** Opening Input for this task block **

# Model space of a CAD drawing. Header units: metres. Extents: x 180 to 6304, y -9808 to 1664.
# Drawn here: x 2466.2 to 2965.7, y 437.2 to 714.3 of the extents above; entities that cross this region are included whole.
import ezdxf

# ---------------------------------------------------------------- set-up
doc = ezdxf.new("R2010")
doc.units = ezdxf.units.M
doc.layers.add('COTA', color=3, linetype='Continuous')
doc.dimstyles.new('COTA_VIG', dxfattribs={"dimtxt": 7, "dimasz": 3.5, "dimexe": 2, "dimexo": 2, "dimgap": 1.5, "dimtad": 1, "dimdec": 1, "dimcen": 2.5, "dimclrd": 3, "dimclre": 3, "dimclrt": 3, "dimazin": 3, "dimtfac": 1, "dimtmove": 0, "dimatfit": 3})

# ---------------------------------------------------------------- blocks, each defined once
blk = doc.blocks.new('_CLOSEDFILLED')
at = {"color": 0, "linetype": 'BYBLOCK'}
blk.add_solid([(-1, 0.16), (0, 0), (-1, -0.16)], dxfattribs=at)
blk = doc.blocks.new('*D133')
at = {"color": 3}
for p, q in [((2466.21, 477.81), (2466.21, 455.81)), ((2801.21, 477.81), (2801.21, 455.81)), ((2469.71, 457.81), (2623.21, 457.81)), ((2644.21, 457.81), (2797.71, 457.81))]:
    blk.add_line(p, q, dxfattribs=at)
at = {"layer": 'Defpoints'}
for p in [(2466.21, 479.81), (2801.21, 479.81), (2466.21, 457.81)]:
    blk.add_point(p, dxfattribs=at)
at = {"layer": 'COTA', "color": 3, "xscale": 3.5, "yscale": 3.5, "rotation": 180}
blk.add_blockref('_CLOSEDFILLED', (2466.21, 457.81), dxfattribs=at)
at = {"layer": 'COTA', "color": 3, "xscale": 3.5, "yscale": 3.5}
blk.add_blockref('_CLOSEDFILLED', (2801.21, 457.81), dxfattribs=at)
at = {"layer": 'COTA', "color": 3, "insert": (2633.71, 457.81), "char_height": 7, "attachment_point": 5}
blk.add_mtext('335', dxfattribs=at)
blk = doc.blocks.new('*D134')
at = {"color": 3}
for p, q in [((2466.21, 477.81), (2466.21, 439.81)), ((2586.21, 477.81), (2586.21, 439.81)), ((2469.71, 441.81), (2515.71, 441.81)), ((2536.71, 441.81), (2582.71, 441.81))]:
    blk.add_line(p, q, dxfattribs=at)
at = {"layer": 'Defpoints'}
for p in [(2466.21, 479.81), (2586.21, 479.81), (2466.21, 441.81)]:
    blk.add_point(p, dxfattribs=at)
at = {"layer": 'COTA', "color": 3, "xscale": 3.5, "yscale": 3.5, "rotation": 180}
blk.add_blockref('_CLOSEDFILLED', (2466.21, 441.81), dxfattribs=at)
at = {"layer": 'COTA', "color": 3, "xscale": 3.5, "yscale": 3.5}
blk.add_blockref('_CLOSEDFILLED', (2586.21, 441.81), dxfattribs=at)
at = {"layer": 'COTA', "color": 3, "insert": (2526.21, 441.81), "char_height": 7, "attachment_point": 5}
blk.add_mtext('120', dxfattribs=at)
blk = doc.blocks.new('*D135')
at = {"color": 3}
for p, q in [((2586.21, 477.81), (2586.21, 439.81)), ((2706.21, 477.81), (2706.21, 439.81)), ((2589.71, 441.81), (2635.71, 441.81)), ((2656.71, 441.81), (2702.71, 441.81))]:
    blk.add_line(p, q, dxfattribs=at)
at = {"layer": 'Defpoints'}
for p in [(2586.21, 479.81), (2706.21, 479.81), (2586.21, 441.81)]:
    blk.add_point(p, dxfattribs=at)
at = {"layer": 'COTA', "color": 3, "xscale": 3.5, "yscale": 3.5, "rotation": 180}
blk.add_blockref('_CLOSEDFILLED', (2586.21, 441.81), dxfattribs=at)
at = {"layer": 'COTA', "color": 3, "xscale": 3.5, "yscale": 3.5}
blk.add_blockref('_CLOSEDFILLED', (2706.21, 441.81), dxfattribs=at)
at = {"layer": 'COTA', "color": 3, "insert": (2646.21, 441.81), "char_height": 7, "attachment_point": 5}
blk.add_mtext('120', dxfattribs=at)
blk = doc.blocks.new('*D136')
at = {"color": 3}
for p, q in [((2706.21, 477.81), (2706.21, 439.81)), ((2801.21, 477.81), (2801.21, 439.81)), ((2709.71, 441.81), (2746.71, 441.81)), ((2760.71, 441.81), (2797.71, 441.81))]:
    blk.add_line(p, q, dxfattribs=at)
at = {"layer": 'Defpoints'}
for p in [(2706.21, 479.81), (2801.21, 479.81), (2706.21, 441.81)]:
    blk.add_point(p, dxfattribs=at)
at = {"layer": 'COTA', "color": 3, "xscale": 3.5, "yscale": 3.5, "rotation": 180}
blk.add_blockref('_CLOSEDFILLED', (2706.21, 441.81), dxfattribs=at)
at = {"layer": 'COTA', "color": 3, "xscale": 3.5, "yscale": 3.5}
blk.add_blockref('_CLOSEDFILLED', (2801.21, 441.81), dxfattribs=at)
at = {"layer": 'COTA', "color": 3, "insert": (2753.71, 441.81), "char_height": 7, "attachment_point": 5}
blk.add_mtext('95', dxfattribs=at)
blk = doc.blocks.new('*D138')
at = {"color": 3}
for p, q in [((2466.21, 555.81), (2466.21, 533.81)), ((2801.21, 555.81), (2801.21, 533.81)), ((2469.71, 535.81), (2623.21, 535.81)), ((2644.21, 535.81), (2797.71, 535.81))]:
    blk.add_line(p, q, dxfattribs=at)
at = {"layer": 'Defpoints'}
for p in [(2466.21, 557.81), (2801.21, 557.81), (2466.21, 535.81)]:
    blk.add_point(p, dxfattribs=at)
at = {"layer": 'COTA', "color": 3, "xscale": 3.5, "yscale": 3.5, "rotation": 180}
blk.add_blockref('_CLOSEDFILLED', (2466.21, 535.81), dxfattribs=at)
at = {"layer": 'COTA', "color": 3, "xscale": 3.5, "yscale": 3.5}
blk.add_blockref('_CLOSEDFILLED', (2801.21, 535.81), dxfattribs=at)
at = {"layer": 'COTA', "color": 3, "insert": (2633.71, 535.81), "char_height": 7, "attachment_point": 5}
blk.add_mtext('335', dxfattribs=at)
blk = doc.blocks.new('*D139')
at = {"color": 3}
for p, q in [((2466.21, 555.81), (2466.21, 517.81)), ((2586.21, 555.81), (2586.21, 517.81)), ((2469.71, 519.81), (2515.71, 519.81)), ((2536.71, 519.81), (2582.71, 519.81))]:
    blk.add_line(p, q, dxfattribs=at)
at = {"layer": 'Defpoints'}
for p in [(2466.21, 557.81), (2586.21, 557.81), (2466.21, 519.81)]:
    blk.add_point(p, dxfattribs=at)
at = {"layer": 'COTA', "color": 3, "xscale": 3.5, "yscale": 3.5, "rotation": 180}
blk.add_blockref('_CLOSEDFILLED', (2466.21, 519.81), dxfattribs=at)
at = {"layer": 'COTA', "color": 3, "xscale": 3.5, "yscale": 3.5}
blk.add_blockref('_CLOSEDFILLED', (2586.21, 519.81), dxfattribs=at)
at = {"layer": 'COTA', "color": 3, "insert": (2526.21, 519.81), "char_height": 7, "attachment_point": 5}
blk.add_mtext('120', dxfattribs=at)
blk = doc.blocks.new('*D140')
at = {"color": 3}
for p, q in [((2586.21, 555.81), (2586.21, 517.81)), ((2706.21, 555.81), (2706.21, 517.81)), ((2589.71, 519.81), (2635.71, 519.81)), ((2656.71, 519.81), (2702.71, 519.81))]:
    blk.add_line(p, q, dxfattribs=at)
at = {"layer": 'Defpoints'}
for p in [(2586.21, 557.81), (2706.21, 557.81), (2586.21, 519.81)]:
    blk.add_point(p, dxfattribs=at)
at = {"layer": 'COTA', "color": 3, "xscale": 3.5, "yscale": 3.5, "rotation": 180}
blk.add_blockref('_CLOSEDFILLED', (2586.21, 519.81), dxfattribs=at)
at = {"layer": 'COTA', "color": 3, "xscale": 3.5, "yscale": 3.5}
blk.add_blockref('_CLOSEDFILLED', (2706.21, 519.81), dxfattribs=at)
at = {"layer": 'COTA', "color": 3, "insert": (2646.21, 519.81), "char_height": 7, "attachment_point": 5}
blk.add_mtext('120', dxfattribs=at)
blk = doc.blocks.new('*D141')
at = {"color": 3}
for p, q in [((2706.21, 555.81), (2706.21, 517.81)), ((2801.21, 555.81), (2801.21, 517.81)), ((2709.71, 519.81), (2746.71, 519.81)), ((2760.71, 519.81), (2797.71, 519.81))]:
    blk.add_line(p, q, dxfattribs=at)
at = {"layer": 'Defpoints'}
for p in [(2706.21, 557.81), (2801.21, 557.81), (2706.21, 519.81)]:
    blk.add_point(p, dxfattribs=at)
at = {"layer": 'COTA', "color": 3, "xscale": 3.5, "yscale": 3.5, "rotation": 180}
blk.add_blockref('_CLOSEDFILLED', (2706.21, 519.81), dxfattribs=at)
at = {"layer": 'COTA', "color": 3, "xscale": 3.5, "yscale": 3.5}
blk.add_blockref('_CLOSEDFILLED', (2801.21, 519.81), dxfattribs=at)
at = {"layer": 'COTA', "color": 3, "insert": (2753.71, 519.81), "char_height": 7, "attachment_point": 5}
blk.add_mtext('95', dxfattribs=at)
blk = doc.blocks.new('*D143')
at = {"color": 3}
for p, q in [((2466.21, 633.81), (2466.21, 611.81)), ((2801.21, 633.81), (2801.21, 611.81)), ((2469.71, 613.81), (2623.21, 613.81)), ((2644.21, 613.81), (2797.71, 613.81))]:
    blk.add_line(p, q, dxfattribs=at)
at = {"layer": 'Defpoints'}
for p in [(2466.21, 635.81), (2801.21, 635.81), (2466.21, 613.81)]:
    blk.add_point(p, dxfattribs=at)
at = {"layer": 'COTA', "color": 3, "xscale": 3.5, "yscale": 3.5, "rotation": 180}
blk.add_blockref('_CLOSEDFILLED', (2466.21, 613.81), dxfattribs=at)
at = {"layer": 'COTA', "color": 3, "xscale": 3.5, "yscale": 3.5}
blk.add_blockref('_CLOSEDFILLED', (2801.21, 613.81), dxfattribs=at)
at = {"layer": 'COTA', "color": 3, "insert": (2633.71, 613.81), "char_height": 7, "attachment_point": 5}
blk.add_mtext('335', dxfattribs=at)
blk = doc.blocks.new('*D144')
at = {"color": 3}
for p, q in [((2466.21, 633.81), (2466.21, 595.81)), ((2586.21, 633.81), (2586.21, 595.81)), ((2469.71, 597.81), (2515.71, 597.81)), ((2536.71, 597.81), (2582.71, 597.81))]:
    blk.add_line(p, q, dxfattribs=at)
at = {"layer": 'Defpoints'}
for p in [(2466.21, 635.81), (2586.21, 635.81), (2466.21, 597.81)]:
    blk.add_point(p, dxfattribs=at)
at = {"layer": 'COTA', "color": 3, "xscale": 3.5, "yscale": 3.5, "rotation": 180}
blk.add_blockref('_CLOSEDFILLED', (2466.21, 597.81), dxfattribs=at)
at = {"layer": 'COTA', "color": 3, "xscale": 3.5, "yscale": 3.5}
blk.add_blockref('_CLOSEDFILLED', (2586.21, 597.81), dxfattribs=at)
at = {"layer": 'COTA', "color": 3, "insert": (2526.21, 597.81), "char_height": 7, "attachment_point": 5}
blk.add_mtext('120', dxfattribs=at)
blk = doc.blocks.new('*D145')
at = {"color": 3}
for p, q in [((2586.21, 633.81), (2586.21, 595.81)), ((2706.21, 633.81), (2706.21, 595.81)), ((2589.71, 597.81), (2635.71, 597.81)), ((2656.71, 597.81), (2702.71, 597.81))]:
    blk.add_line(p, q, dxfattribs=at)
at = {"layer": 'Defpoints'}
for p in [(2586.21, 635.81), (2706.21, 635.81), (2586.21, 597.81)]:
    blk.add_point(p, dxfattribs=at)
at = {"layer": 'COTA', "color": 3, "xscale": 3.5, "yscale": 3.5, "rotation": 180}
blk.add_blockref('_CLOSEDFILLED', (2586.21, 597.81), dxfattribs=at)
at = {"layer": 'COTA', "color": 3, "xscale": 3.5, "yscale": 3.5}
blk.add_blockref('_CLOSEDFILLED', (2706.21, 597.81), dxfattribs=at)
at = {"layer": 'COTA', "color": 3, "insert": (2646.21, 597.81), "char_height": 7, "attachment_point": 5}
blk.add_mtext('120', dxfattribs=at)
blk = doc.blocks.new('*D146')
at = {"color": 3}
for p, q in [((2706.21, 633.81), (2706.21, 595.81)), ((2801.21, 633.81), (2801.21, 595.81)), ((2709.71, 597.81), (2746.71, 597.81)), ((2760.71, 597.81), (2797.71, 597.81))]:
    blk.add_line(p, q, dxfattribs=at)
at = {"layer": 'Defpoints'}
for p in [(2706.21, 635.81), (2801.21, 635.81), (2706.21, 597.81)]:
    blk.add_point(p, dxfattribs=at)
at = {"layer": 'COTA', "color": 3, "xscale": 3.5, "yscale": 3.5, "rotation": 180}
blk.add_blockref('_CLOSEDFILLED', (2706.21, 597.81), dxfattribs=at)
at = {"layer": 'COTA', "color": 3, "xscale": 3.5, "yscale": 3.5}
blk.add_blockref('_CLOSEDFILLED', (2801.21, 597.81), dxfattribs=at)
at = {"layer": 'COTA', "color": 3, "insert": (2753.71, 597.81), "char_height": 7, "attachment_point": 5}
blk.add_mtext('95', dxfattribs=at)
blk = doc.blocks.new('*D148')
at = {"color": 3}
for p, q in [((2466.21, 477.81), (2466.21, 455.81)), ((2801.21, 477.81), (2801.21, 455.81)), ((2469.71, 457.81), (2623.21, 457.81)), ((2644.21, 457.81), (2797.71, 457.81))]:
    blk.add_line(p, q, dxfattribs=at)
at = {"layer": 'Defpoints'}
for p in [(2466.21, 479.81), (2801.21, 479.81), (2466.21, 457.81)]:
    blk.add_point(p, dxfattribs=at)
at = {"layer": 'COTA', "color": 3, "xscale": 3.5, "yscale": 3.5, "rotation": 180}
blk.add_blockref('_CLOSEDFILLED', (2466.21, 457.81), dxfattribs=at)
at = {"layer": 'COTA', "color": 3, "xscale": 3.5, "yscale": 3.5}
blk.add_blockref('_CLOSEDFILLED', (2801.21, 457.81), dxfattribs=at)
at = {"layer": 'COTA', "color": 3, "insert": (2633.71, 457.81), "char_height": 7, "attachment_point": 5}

** Closing Input for this task block **

▶ Work task:
How many lines in the records hold the string "linetype"? Answer with only that number.

▶ Output:
2